I can’t count how many times I’ve heard that in couples counseling as a way to justify casual cruelty. It’s a way to say “I don’t intend to change” or “Pleasing you isn’t worth any discomfort on my part.”
It’s a relationship dead-end.
So what can you do to change a relationship headed downhill?
Think before you speak. Is that “just kidding!” comment or barbed humor likely to hurt your spouse? Is that casual aside or that verbal victory worth the cost to your relationship? Consider that it’s more important to be kind than to be relentlessly right.
Remember that your spouse is — or could be — your dearest friend. So treat him or her that way. If you wouldn’t say or do what you’re about to do to a dear friend — why in the world would you say or do that to your spouse?
Change established patterns. This is as necessary for the victim as well as the perpetrator. As long as you don’t speak up, your spouse has little incentive to change.
Eradicate hierarchical thinking in your relationship. Get over yourself. Those married to people they consider beneath them in social status, intelligence or education may not only inflict considerable pain and hurt on their spouses, but also miss the joy of realizing the spouse’s unique strengths and talents. Growing up poor or middle class instead of rich doesn’t mean a person lacks class. The absence of a college or professional degree is not an indication that a person lacks insight or intelligence (and the acquisition of such a degree is no guarantee that a person is insightful or wise). Besides, there are many kinds of intelligence. In real life, emotional intelligence may far exceed intellectual ability in becoming a successful human being.

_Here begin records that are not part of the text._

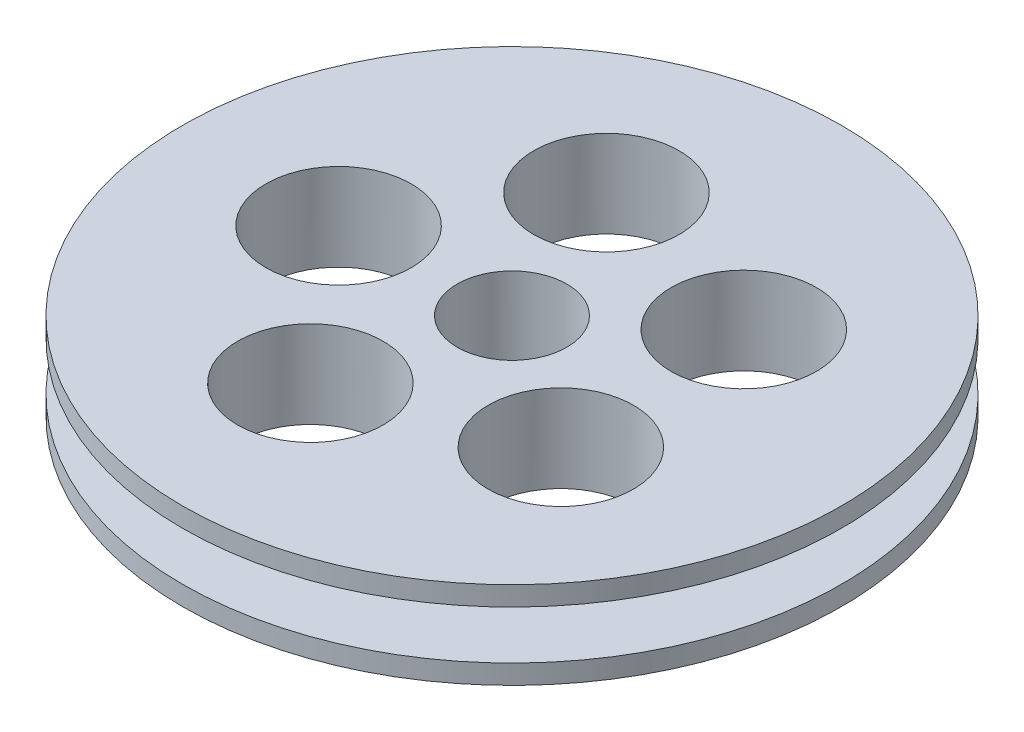
ISO-10303-21;
HEADER;
FILE_DESCRIPTION(('STEP AP214'),'2;1');
FILE_NAME('part.step','',(''),(''),'','','');
FILE_SCHEMA(('AUTOMOTIVE_DESIGN { 1 0 10303 214 1 1 1 1 }'));
ENDSEC;
DATA;
#1=APPLICATION_CONTEXT('core data for automotive mechanical design processes');
#2=APPLICATION_PROTOCOL_DEFINITION('international standard','automotive_design',2000,#1);
#3=PRODUCT_CONTEXT('',#1,'mechanical');
#4=PRODUCT('Part','Part','',(#3));
#5=PRODUCT_RELATED_PRODUCT_CATEGORY('part','',(#4));
#6=PRODUCT_DEFINITION_FORMATION('','',#4);
#7=PRODUCT_DEFINITION_CONTEXT('part definition',#1,'design');
#8=PRODUCT_DEFINITION('design','',#6,#7);
#9=PRODUCT_DEFINITION_SHAPE('','',#8);
#10=(LENGTH_UNIT() NAMED_UNIT(*) SI_UNIT(.MILLI.,.METRE.));
#11=(NAMED_UNIT(*) PLANE_ANGLE_UNIT() SI_UNIT($,.RADIAN.));
#12=(NAMED_UNIT(*) SI_UNIT($,.STERADIAN.) SOLID_ANGLE_UNIT());
#13=UNCERTAINTY_MEASURE_WITH_UNIT(LENGTH_MEASURE(1.E-05),#10,'distance_accuracy_value','');
#14=(GEOMETRIC_REPRESENTATION_CONTEXT(3) GLOBAL_UNCERTAINTY_ASSIGNED_CONTEXT((#13)) GLOBAL_UNIT_ASSIGNED_CONTEXT((#10,
#11,#12)) REPRESENTATION_CONTEXT('',''));
#15=CARTESIAN_POINT('',(0.,0.,0.));
#16=DIRECTION('',(0.,0.,1.));
#17=DIRECTION('',(1.,0.,0.));
#18=AXIS2_PLACEMENT_3D('',#15,#16,#17);
#19=CARTESIAN_POINT('',(0.,5.,0.));
#20=DIRECTION('',(0.,-1.,0.));
#21=DIRECTION('',(0.,0.,-1.));
#22=AXIS2_PLACEMENT_3D('',#19,#20,#21);
#23=PLANE('',#22);
#24=CARTESIAN_POINT('',(0.,5.,4.));
#25=DIRECTION('',(0.,-1.,0.));
#26=DIRECTION('',(0.,0.,-1.));
#27=AXIS2_PLACEMENT_3D('',#24,#25,#26);
#28=CIRCLE('',#27,34.);
#29=CARTESIAN_POINT('',(0.,5.,-30.));
#30=VERTEX_POINT('',#29);
#31=EDGE_CURVE('E10',#30,#30,#28,.T.);
#32=ORIENTED_EDGE('',*,*,#31,.T.);
#33=EDGE_LOOP('',(#32));
#34=FACE_BOUND('',#33,.T.);
#35=CARTESIAN_POINT('',(0.,5.,4.));
#36=DIRECTION('',(0.,-1.,0.));
#37=DIRECTION('',(0.,0.,-1.));
#38=AXIS2_PLACEMENT_3D('',#35,#36,#37);
#39=CIRCLE('',#38,26.);
#40=CARTESIAN_POINT('',(0.,5.,-22.));
#41=VERTEX_POINT('',#40);
#42=EDGE_CURVE('E83',#41,#41,#39,.T.);
#43=ORIENTED_EDGE('',*,*,#42,.F.);
#44=EDGE_LOOP('',(#43));
#45=FACE_BOUND('',#44,.T.);
#46=ADVANCED_FACE('F42',(#34,#45),#23,.T.);
#47=CARTESIAN_POINT('',(0.,2.5,4.));
#48=DIRECTION('',(0.,-1.,0.));
#49=DIRECTION('',(0.,0.,-1.));
#50=AXIS2_PLACEMENT_3D('',#47,#48,#49);
#51=CYLINDRICAL_SURFACE('',#50,34.);
#52=CARTESIAN_POINT('',(0.,7.,4.));
#53=DIRECTION('',(0.,-1.,0.));
#54=DIRECTION('',(0.,0.,-1.));
#55=AXIS2_PLACEMENT_3D('',#52,#53,#54);
#56=CIRCLE('',#55,34.);
#57=CARTESIAN_POINT('',(0.,7.,-30.));
#58=VERTEX_POINT('',#57);
#59=EDGE_CURVE('E50',#58,#58,#56,.T.);
#60=ORIENTED_EDGE('',*,*,#59,.T.);
#61=EDGE_LOOP('',(#60));
#62=FACE_BOUND('',#61,.T.);
#63=ORIENTED_EDGE('',*,*,#31,.F.);
#64=EDGE_LOOP('',(#63));
#65=FACE_BOUND('',#64,.T.);
#66=ADVANCED_FACE('F130',(#62,#65),#51,.T.);
#67=CARTESIAN_POINT('',(0.,7.,0.));
#68=DIRECTION('',(0.,-1.,0.));
#69=DIRECTION('',(0.,0.,-1.));
#70=AXIS2_PLACEMENT_3D('',#67,#68,#69);
#71=PLANE('',#70);
#72=CARTESIAN_POINT('',(-16.9752186457176,7.,4.91757938625501));
#73=DIRECTION('',(0.,1.,0.));
#74=DIRECTION('',(0.,0.,1.));
#75=AXIS2_PLACEMENT_3D('',#72,#73,#74);
#76=CIRCLE('',#75,7.5);
#77=CARTESIAN_POINT('',(-16.9752186457176,7.,12.417579386255));
#78=VERTEX_POINT('',#77);
#79=EDGE_CURVE('E162',#78,#78,#76,.T.);
#80=ORIENTED_EDGE('',*,*,#79,.F.);
#81=EDGE_LOOP('',(#80));
#82=FACE_BOUND('',#81,.T.);
#83=CARTESIAN_POINT('',(-6.11830089927317,7.,-11.8608446845038));
#84=DIRECTION('',(0.,1.,0.));
#85=DIRECTION('',(0.,0.,1.));
#86=AXIS2_PLACEMENT_3D('',#83,#84,#85);
#87=CIRCLE('',#86,7.5);
#88=CARTESIAN_POINT('',(-6.11830089927317,7.,-4.36084468450383));
#89=VERTEX_POINT('',#88);
#90=EDGE_CURVE('E165',#89,#89,#87,.T.);
#91=ORIENTED_EDGE('',*,*,#90,.F.);
#92=EDGE_LOOP('',(#91));
#93=FACE_BOUND('',#92,.T.);
#94=CARTESIAN_POINT('',(13.1939007365678,7.,-6.72012049156148));
#95=DIRECTION('',(0.,1.,0.));
#96=DIRECTION('',(0.,0.,1.));
#97=AXIS2_PLACEMENT_3D('',#94,#95,#96);
#98=CIRCLE('',#97,7.5);
#99=CARTESIAN_POINT('',(13.1939007365678,7.,0.779879508438518));
#100=VERTEX_POINT('',#99);
#101=EDGE_CURVE('E171',#100,#100,#98,.T.);
#102=ORIENTED_EDGE('',*,*,#101,.F.);
#103=EDGE_LOOP('',(#102));
#104=FACE_BOUND('',#103,.T.);
#105=CARTESIAN_POINT('',(14.2725799986643,7.,13.2354458572246));
#106=DIRECTION('',(0.,1.,0.));
#107=DIRECTION('',(0.,0.,1.));
#108=AXIS2_PLACEMENT_3D('',#105,#106,#107);
#109=CIRCLE('',#108,7.49999999999999);
#110=CARTESIAN_POINT('',(14.2725799986643,7.,20.7354458572246));
#111=VERTEX_POINT('',#110);
#112=EDGE_CURVE('E178',#111,#111,#109,.T.);
#113=ORIENTED_EDGE('',*,*,#112,.F.);
#114=EDGE_LOOP('',(#113));
#115=FACE_BOUND('',#114,.T.);
#116=CARTESIAN_POINT('',(-4.3729611902413,7.,20.4279399325857));
#117=DIRECTION('',(0.,1.,0.));
#118=DIRECTION('',(0.,0.,1.));
#119=AXIS2_PLACEMENT_3D('',#116,#117,#118);
#120=CIRCLE('',#119,7.5);
#121=CARTESIAN_POINT('',(-4.3729611902413,7.,27.9279399325857));
#122=VERTEX_POINT('',#121);
#123=EDGE_CURVE('E174',#122,#122,#120,.T.);
#124=ORIENTED_EDGE('',*,*,#123,.F.);
#125=EDGE_LOOP('',(#124));
#126=FACE_BOUND('',#125,.T.);
#127=CARTESIAN_POINT('',(0.,7.,4.));
#128=DIRECTION('',(0.,1.,0.));
#129=DIRECTION('',(0.,0.,1.));
#130=AXIS2_PLACEMENT_3D('',#127,#128,#129);
#131=CIRCLE('',#130,5.65374986428274);
#132=CARTESIAN_POINT('',(0.,7.,9.65374986428274));
#133=VERTEX_POINT('',#132);
#134=EDGE_CURVE('E65',#133,#133,#131,.T.);
#135=ORIENTED_EDGE('',*,*,#134,.F.);
#136=EDGE_LOOP('',(#135));
#137=FACE_BOUND('',#136,.T.);
#138=ORIENTED_EDGE('',*,*,#59,.F.);
#139=EDGE_LOOP('',(#138));
#140=FACE_BOUND('',#139,.T.);
#141=ADVANCED_FACE('F134',(#82,#93,#104,#115,#126,#137,#140),#71,.F.);
#142=CARTESIAN_POINT('',(0.,-2.,0.));
#143=DIRECTION('',(0.,-1.,0.));
#144=DIRECTION('',(0.,0.,-1.));
#145=AXIS2_PLACEMENT_3D('',#142,#143,#144);
#146=PLANE('',#145);
#147=CARTESIAN_POINT('',(-16.9752186457176,-2.,4.91757938625501));
#148=DIRECTION('',(0.,-1.,0.));
#149=DIRECTION('',(0.,0.,-1.));
#150=AXIS2_PLACEMENT_3D('',#147,#148,#149);
#151=CIRCLE('',#150,7.5);
#152=CARTESIAN_POINT('',(-16.9752186457176,-2.,-2.58242061374499));
#153=VERTEX_POINT('',#152);
#154=EDGE_CURVE('E45',#153,#153,#151,.T.);
#155=ORIENTED_EDGE('',*,*,#154,.F.);
#156=EDGE_LOOP('',(#155));
#157=FACE_BOUND('',#156,.T.);
#158=CARTESIAN_POINT('',(-6.11830089927317,-2.,-11.8608446845038));
#159=DIRECTION('',(0.,-1.,0.));
#160=DIRECTION('',(0.,0.,-1.));
#161=AXIS2_PLACEMENT_3D('',#158,#159,#160);
#162=CIRCLE('',#161,7.5);
#163=CARTESIAN_POINT('',(-6.11830089927317,-2.,-19.3608446845038));
#164=VERTEX_POINT('',#163);
#165=EDGE_CURVE('E76',#164,#164,#162,.T.);
#166=ORIENTED_EDGE('',*,*,#165,.F.);
#167=EDGE_LOOP('',(#166));
#168=FACE_BOUND('',#167,.T.);
#169=CARTESIAN_POINT('',(13.1939007365678,-2.,-6.72012049156148));
#170=DIRECTION('',(0.,-1.,0.));
#171=DIRECTION('',(0.,0.,-1.));
#172=AXIS2_PLACEMENT_3D('',#169,#170,#171);
#173=CIRCLE('',#172,7.5);
#174=CARTESIAN_POINT('',(13.1939007365678,-2.,-14.2201204915615));
#175=VERTEX_POINT('',#174);
#176=EDGE_CURVE('E73',#175,#175,#173,.T.);
#177=ORIENTED_EDGE('',*,*,#176,.F.);
#178=EDGE_LOOP('',(#177));
#179=FACE_BOUND('',#178,.T.);
#180=CARTESIAN_POINT('',(14.2725799986643,-2.,13.2354458572246));
#181=DIRECTION('',(0.,-1.,0.));
#182=DIRECTION('',(0.,0.,-1.));
#183=AXIS2_PLACEMENT_3D('',#180,#181,#182);
#184=CIRCLE('',#183,7.49999999999999);
#185=CARTESIAN_POINT('',(14.2725799986643,-2.,5.73544585722461));
#186=VERTEX_POINT('',#185);
#187=EDGE_CURVE('E69',#186,#186,#184,.T.);
#188=ORIENTED_EDGE('',*,*,#187,.F.);
#189=EDGE_LOOP('',(#188));
#190=FACE_BOUND('',#189,.T.);
#191=CARTESIAN_POINT('',(-4.3729611902413,-2.,20.4279399325857));
#192=DIRECTION('',(0.,-1.,0.));
#193=DIRECTION('',(0.,0.,-1.));
#194=AXIS2_PLACEMENT_3D('',#191,#192,#193);
#195=CIRCLE('',#194,7.5);
#196=CARTESIAN_POINT('',(-4.3729611902413,-2.,12.9279399325857));
#197=VERTEX_POINT('',#196);
#198=EDGE_CURVE('E64',#197,#197,#195,.T.);
#199=ORIENTED_EDGE('',*,*,#198,.F.);
#200=EDGE_LOOP('',(#199));
#201=FACE_BOUND('',#200,.T.);
#202=CARTESIAN_POINT('',(0.,-2.,4.));
#203=DIRECTION('',(0.,-1.,0.));
#204=DIRECTION('',(0.,0.,-1.));
#205=AXIS2_PLACEMENT_3D('',#202,#203,#204);
#206=CIRCLE('',#205,5.65374986428274);
#207=CARTESIAN_POINT('',(0.,-2.,-1.65374986428274));
#208=VERTEX_POINT('',#207);
#209=EDGE_CURVE('E60',#208,#208,#206,.T.);
#210=ORIENTED_EDGE('',*,*,#209,.F.);
#211=EDGE_LOOP('',(#210));
#212=FACE_BOUND('',#211,.T.);
#213=CARTESIAN_POINT('',(0.,-2.,4.));
#214=DIRECTION('',(0.,-1.,0.));
#215=DIRECTION('',(0.,0.,-1.));
#216=AXIS2_PLACEMENT_3D('',#213,#214,#215);
#217=CIRCLE('',#216,34.);
#218=CARTESIAN_POINT('',(0.,-2.,-30.));
#219=VERTEX_POINT('',#218);
#220=EDGE_CURVE('E56',#219,#219,#217,.T.);
#221=ORIENTED_EDGE('',*,*,#220,.T.);
#222=EDGE_LOOP('',(#221));
#223=FACE_BOUND('',#222,.T.);
#224=ADVANCED_FACE('F105',(#157,#168,#179,#190,#201,#212,#223),#146,.T.);
#225=CARTESIAN_POINT('',(0.,2.5,4.));
#226=DIRECTION('',(0.,-1.,0.));
#227=DIRECTION('',(0.,0.,-1.));
#228=AXIS2_PLACEMENT_3D('',#225,#226,#227);
#229=CYLINDRICAL_SURFACE('',#228,34.);
#230=ORIENTED_EDGE('',*,*,#220,.F.);
#231=EDGE_LOOP('',(#230));
#232=FACE_BOUND('',#231,.T.);
#233=CARTESIAN_POINT('',(0.,0.,4.));
#234=DIRECTION('',(0.,-1.,0.));
#235=DIRECTION('',(0.,0.,-1.));
#236=AXIS2_PLACEMENT_3D('',#233,#234,#235);
#237=CIRCLE('',#236,34.);
#238=CARTESIAN_POINT('',(0.,0.,-30.));
#239=VERTEX_POINT('',#238);
#240=EDGE_CURVE('E94',#239,#239,#237,.T.);
#241=ORIENTED_EDGE('',*,*,#240,.T.);
#242=EDGE_LOOP('',(#241));
#243=FACE_BOUND('',#242,.T.);
#244=ADVANCED_FACE('F107',(#232,#243),#229,.T.);
#245=CARTESIAN_POINT('',(0.,0.,0.));
#246=DIRECTION('',(0.,-1.,0.));
#247=DIRECTION('',(0.,0.,-1.));
#248=AXIS2_PLACEMENT_3D('',#245,#246,#247);
#249=PLANE('',#248);
#250=ORIENTED_EDGE('',*,*,#240,.F.);
#251=EDGE_LOOP('',(#250));
#252=FACE_BOUND('',#251,.T.);
#253=CARTESIAN_POINT('',(0.,0.,4.));
#254=DIRECTION('',(0.,-1.,0.));
#255=DIRECTION('',(0.,0.,-1.));
#256=AXIS2_PLACEMENT_3D('',#253,#254,#255);
#257=CIRCLE('',#256,26.);
#258=CARTESIAN_POINT('',(0.,0.,-22.));
#259=VERTEX_POINT('',#258);
#260=EDGE_CURVE('E88',#259,#259,#257,.T.);
#261=ORIENTED_EDGE('',*,*,#260,.T.);
#262=EDGE_LOOP('',(#261));
#263=FACE_BOUND('',#262,.T.);
#264=ADVANCED_FACE('F110',(#252,#263),#249,.F.);
#265=CARTESIAN_POINT('',(0.,2.5,4.));
#266=DIRECTION('',(0.,-1.,0.));
#267=DIRECTION('',(0.,0.,-1.));
#268=AXIS2_PLACEMENT_3D('',#265,#266,#267);
#269=CYLINDRICAL_SURFACE('',#268,26.);
#270=ORIENTED_EDGE('',*,*,#42,.T.);
#271=EDGE_LOOP('',(#270));
#272=FACE_BOUND('',#271,.T.);
#273=ORIENTED_EDGE('',*,*,#260,.F.);
#274=EDGE_LOOP('',(#273));
#275=FACE_BOUND('',#274,.T.);
#276=ADVANCED_FACE('F116',(#272,#275),#269,.T.);
#277=CARTESIAN_POINT('',(0.,-3.,4.));
#278=DIRECTION('',(0.,1.,0.));
#279=DIRECTION('',(0.,0.,1.));
#280=AXIS2_PLACEMENT_3D('',#277,#278,#279);
#281=CYLINDRICAL_SURFACE('',#280,5.65374986428274);
#282=ORIENTED_EDGE('',*,*,#209,.T.);
#283=EDGE_LOOP('',(#282));
#284=FACE_BOUND('',#283,.T.);
#285=ORIENTED_EDGE('',*,*,#134,.T.);
#286=EDGE_LOOP('',(#285));
#287=FACE_BOUND('',#286,.T.);
#288=ADVANCED_FACE('F121',(#284,#287),#281,.F.);
#289=CARTESIAN_POINT('',(-4.3729611902413,-3.,20.4279399325857));
#290=DIRECTION('',(0.,1.,0.));
#291=DIRECTION('',(0.,0.,1.));
#292=AXIS2_PLACEMENT_3D('',#289,#290,#291);
#293=CYLINDRICAL_SURFACE('',#292,7.5);
#294=ORIENTED_EDGE('',*,*,#198,.T.);
#295=EDGE_LOOP('',(#294));
#296=FACE_BOUND('',#295,.T.);
#297=ORIENTED_EDGE('',*,*,#123,.T.);
#298=EDGE_LOOP('',(#297));
#299=FACE_BOUND('',#298,.T.);
#300=ADVANCED_FACE('F126',(#296,#299),#293,.F.);
#301=CARTESIAN_POINT('',(14.2725799986643,-3.,13.2354458572246));
#302=DIRECTION('',(0.,1.,0.));
#303=DIRECTION('',(0.,0.,1.));
#304=AXIS2_PLACEMENT_3D('',#301,#302,#303);
#305=CYLINDRICAL_SURFACE('',#304,7.49999999999999);
#306=ORIENTED_EDGE('',*,*,#187,.T.);
#307=EDGE_LOOP('',(#306));
#308=FACE_BOUND('',#307,.T.);
#309=ORIENTED_EDGE('',*,*,#112,.T.);
#310=EDGE_LOOP('',(#309));
#311=FACE_BOUND('',#310,.T.);
#312=ADVANCED_FACE('F191',(#308,#311),#305,.F.);
#313=CARTESIAN_POINT('',(13.1939007365678,-3.,-6.72012049156148));
#314=DIRECTION('',(0.,1.,0.));
#315=DIRECTION('',(0.,0.,1.));
#316=AXIS2_PLACEMENT_3D('',#313,#314,#315);
#317=CYLINDRICAL_SURFACE('',#316,7.5);
#318=ORIENTED_EDGE('',*,*,#176,.T.);
#319=EDGE_LOOP('',(#318));
#320=FACE_BOUND('',#319,.T.);
#321=ORIENTED_EDGE('',*,*,#101,.T.);
#322=EDGE_LOOP('',(#321));
#323=FACE_BOUND('',#322,.T.);
#324=ADVANCED_FACE('F197',(#320,#323),#317,.F.);
#325=CARTESIAN_POINT('',(-6.11830089927317,-3.,-11.8608446845038));
#326=DIRECTION('',(0.,1.,0.));
#327=DIRECTION('',(0.,0.,1.));
#328=AXIS2_PLACEMENT_3D('',#325,#326,#327);
#329=CYLINDRICAL_SURFACE('',#328,7.5);
#330=ORIENTED_EDGE('',*,*,#165,.T.);
#331=EDGE_LOOP('',(#330));
#332=FACE_BOUND('',#331,.T.);
#333=ORIENTED_EDGE('',*,*,#90,.T.);
#334=EDGE_LOOP('',(#333));
#335=FACE_BOUND('',#334,.T.);
#336=ADVANCED_FACE('F204',(#332,#335),#329,.F.);
#337=CARTESIAN_POINT('',(-16.9752186457176,-3.,4.91757938625501));
#338=DIRECTION('',(0.,1.,0.));
#339=DIRECTION('',(0.,0.,1.));
#340=AXIS2_PLACEMENT_3D('',#337,#338,#339);
#341=CYLINDRICAL_SURFACE('',#340,7.5);
#342=ORIENTED_EDGE('',*,*,#154,.T.);
#343=EDGE_LOOP('',(#342));
#344=FACE_BOUND('',#343,.T.);
#345=ORIENTED_EDGE('',*,*,#79,.T.);
#346=EDGE_LOOP('',(#345));
#347=FACE_BOUND('',#346,.T.);
#348=ADVANCED_FACE('F201',(#344,#347),#341,.F.);
#349=CLOSED_SHELL('',(#46,#66,#141,#224,#244,#264,#276,#288,#300,#312,#324,#336,#348));
#350=MANIFOLD_SOLID_BREP('B2',#349);
#351=ADVANCED_BREP_SHAPE_REPRESENTATION('',(#18,#350),#14);
#352=SHAPE_DEFINITION_REPRESENTATION(#9,#351);
ENDSEC;
END-ISO-10303-21;

Don’t minimize those little things. Maybe they’re not so little to your spouse. Maybe the accumulated weight of small hurts, flashes of anger, and small betrayals is adding up to a big problem.
After all, it’s the small things, the casual, passing, little cruelties that can erode love and good will.
And it’s the small moments of connection and caring, of thoughtfulness and of kindness, one after another after another, that can help love to grow and flourish.
In marriage and in life, those small things can make a huge difference.